CTH reads file 0 for all processes
This issue was created automatically from an original Mantis Issue. Further discussion may take place here.
We suspect that large Cray clusters are serializing access to single files when multiple pvservers are trying to access these single files. As we scale into the thousands of pvservers, we believe this is becoming fatal.
ParaView 3.12.0, remote server (I am using 8 processes), Linux client. Although I am sure you can replicate with any cth dataset, I am doing the following:
- Make soft links (ln -s) to files spcta.0, spcta.1, spcta.2 and spcta.3 of Dave's big CTH AMR dataset (i.e., 256 files). Now, we have a 4 file subset of this dataset.
- strace -o $HOME/pvserver.strace -tt -f -ff -e trace=open,close,read,write
- This will create a different file for each process. Do a ls -ls on these files, the smaller ones are not of interest, the larger are from lib/paraview3.12/pvserver. We care about the larger ones.

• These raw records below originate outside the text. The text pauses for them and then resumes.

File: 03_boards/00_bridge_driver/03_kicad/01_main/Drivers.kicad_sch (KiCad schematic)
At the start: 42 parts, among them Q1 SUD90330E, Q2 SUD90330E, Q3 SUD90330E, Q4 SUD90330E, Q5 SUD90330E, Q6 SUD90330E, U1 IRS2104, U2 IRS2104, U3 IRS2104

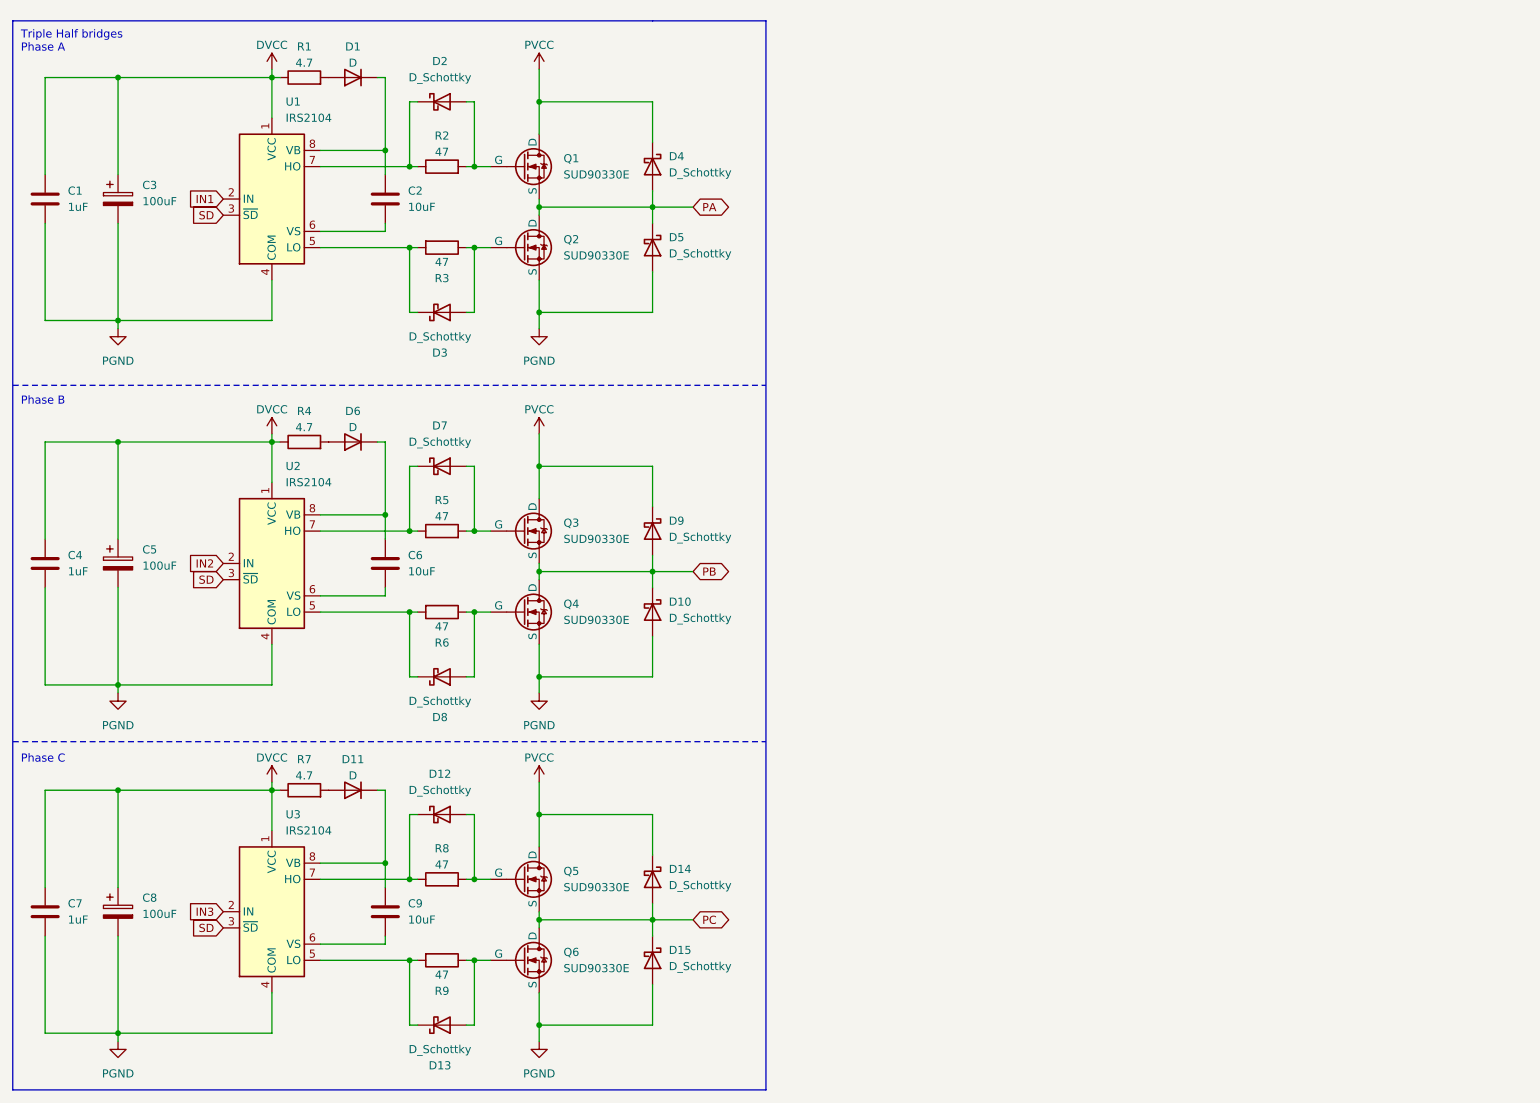
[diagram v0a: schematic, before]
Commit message: Few changes to the model model & Selected Boot Diodes
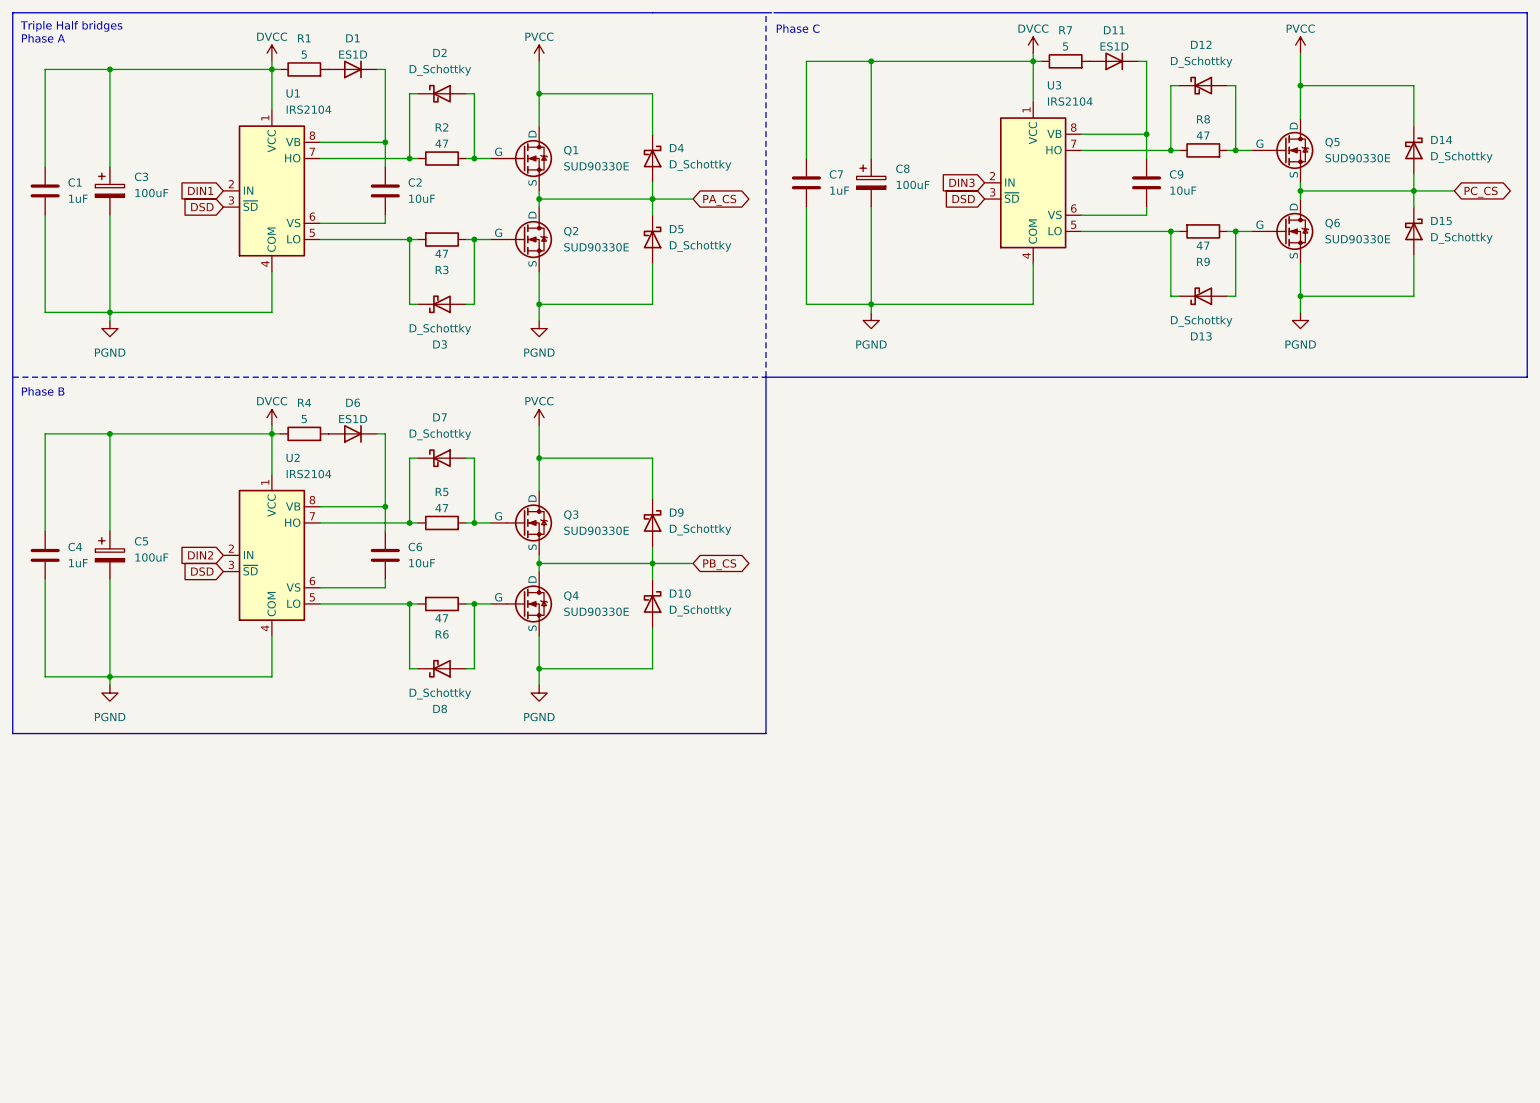
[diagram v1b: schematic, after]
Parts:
- D1, D11, D6: value D -> ES1D
- R1, R4, R7: value 4.7 -> 5
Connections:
- net IN1 renamed DIN1
- net IN2 renamed DIN2
- net IN3 renamed DIN3
- net PA renamed PA_CS
- net PB renamed PB_CS
- net PC renamed PC_CS
- net SD renamed DSD
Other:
- title: Triple half bridge drivers and switches -> (none)

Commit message: Triple bridge driver layout
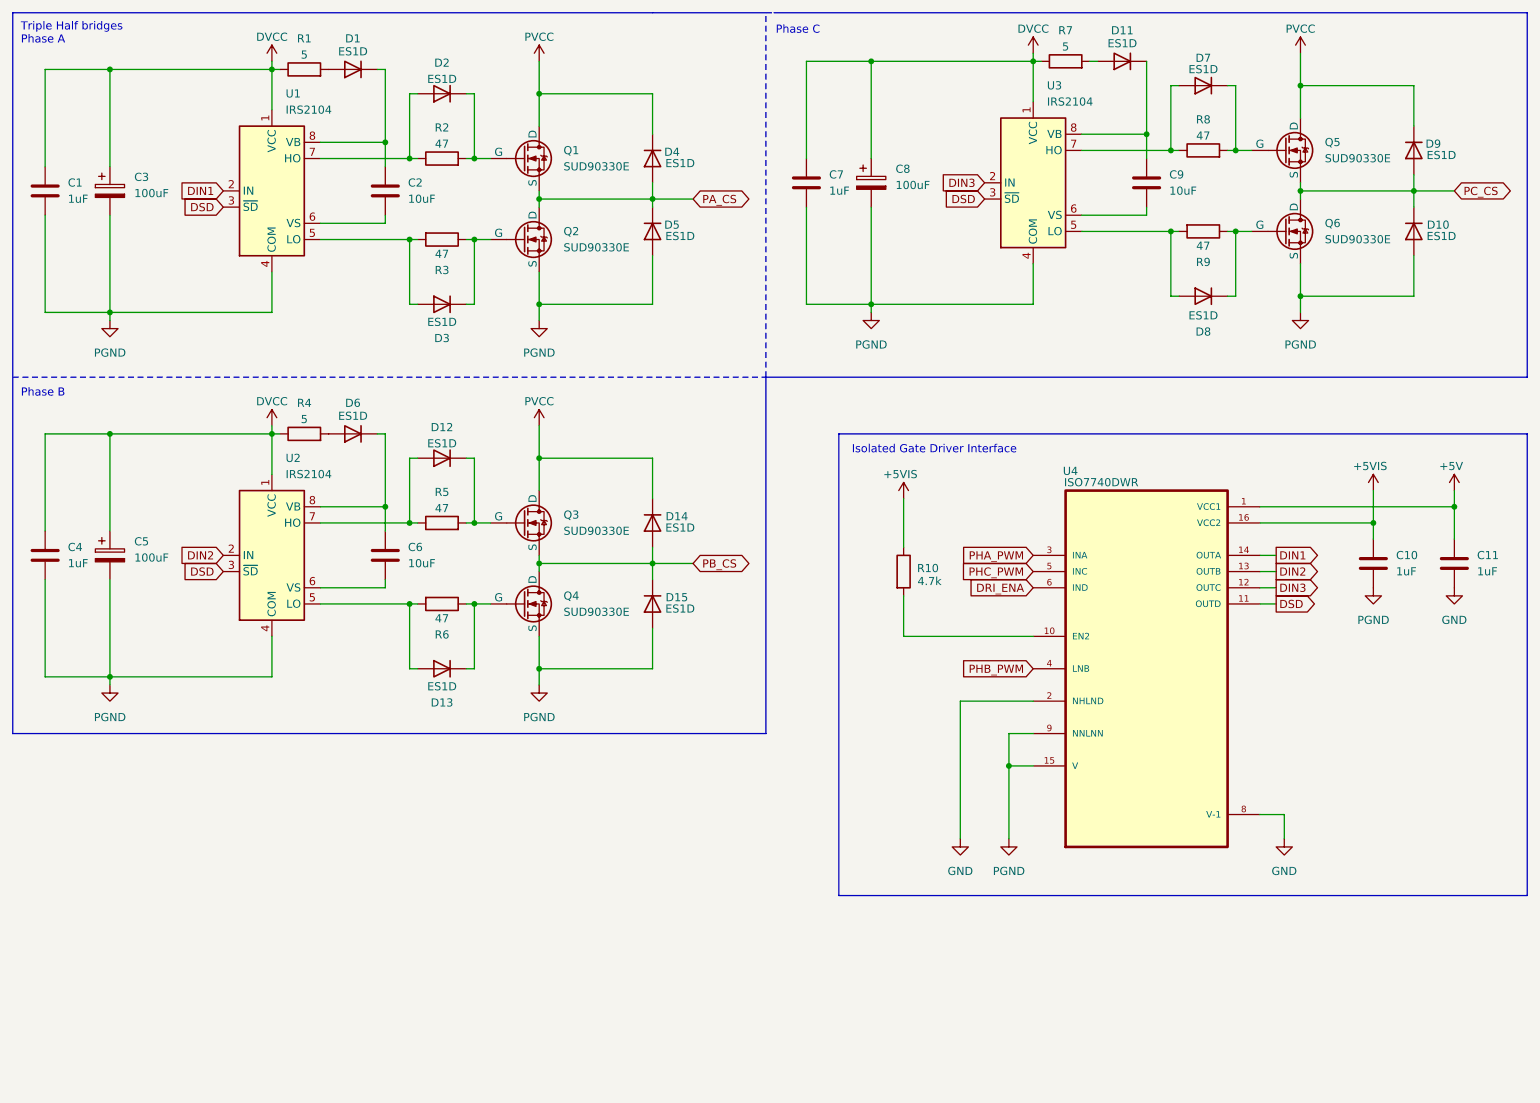
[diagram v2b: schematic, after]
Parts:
- removed D10, D12, D13, D14, D15, D2, D3, D4, D5, D7, D8, D9: D_Schottky, symbol Device:D_Schottky
- added C10, C11: 1uF, symbol Device:C
- added D10, D12, D13, D14, D15, D2, D3, D4, D5, D7, D8, D9: ES1D, symbol Device:D
- added R10: 4.7k, symbol Device:R
- added U4: ISO7740DWR, ISO7740DWR:SOIC127P1030X265-16N, symbol 2026-07-25_11-21-53:ISO7740DWR
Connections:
- net DIN1: now also U4.14 (OUTA)
- net DIN2: now also U4.13 (OUTB)
- net DIN3: now also U4.12 (OUTC)
- net DSD: now also U4.11 (OUTD)
- net PA_CS: now also D4.2 (A), D5.1 (K)
- net PB_CS: now also D14.2 (A), D15.1 (K)
- net PC_CS: now also D10.1 (K), D9.2 (A)
- net PGND: now also C10.2, D10.2 (A), D15.2 (A), D5.2 (A), U4.15 (V), U4.9 (NNLNN)
- net PVCC: now also D14.1 (K), D4.1 (K), D9.1 (K)
- net at Q5.2 (G), R8.2: now also D7.1 (K)
- net at R3.2, U1.5 (LO): now also D3.2 (A)
- net at R2.1, U1.7 (HO): now also D2.2 (A)
- net at Q1.2 (G), R2.2: now also D2.1 (K)
- net at R8.1, U3.7 (HO): now also D7.2 (A)
- net at R5.1, U2.7 (HO): now also D12.2 (A)
- net at Q3.2 (G), R5.2: now also D12.1 (K)
- net at R6.2, U2.5 (LO): now also D13.2 (A)
- net at Q4.2 (G), R6.1: now also D13.1 (K)
- net at Q2.2 (G), R3.1: now also D3.1 (K)
- net at R9.2, U3.5 (LO): now also D8.2 (A)
- net at Q6.2 (G), R9.1: now also D8.1 (K)
- new net: R10.2, U4.10 (EN2)
- new net +5V: C11.1, U4.1 (VCC1)
- new net +5VIS: C10.1, R10.1, U4.16 (VCC2)
- new net DRI_ENA: U4.6 (IND)
- new net GND: C11.2, U4.2 (NHLND), U4.8 (V-1)
- new net PHA_PWM: U4.3 (INA)
- new net PHB_PWM: U4.4 (LNB)
- new net PHC_PWM: U4.5 (INC)
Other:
- note added: "Isolated Gate Driver Interface"
- moved on the sheet: D11

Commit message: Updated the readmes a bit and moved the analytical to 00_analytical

- Note that 4 of them are slightly larger than the smaller ones. We care about these larger files.
Open each file in turn. Search for spcth. Notice that each file opens file 0 4 times, and then opens it's real file 2 times.
As stated, we believe that these 4 opens of file 0 are fatal for Cielo and possibly other cray systems.
This is a show stopper bug for Cielo going into production with expected size datasets.
I will send the log files to Utkarsh and Robert from my run. I am marking this as a crash, although technically it is a hang (or a glacier - take your pick).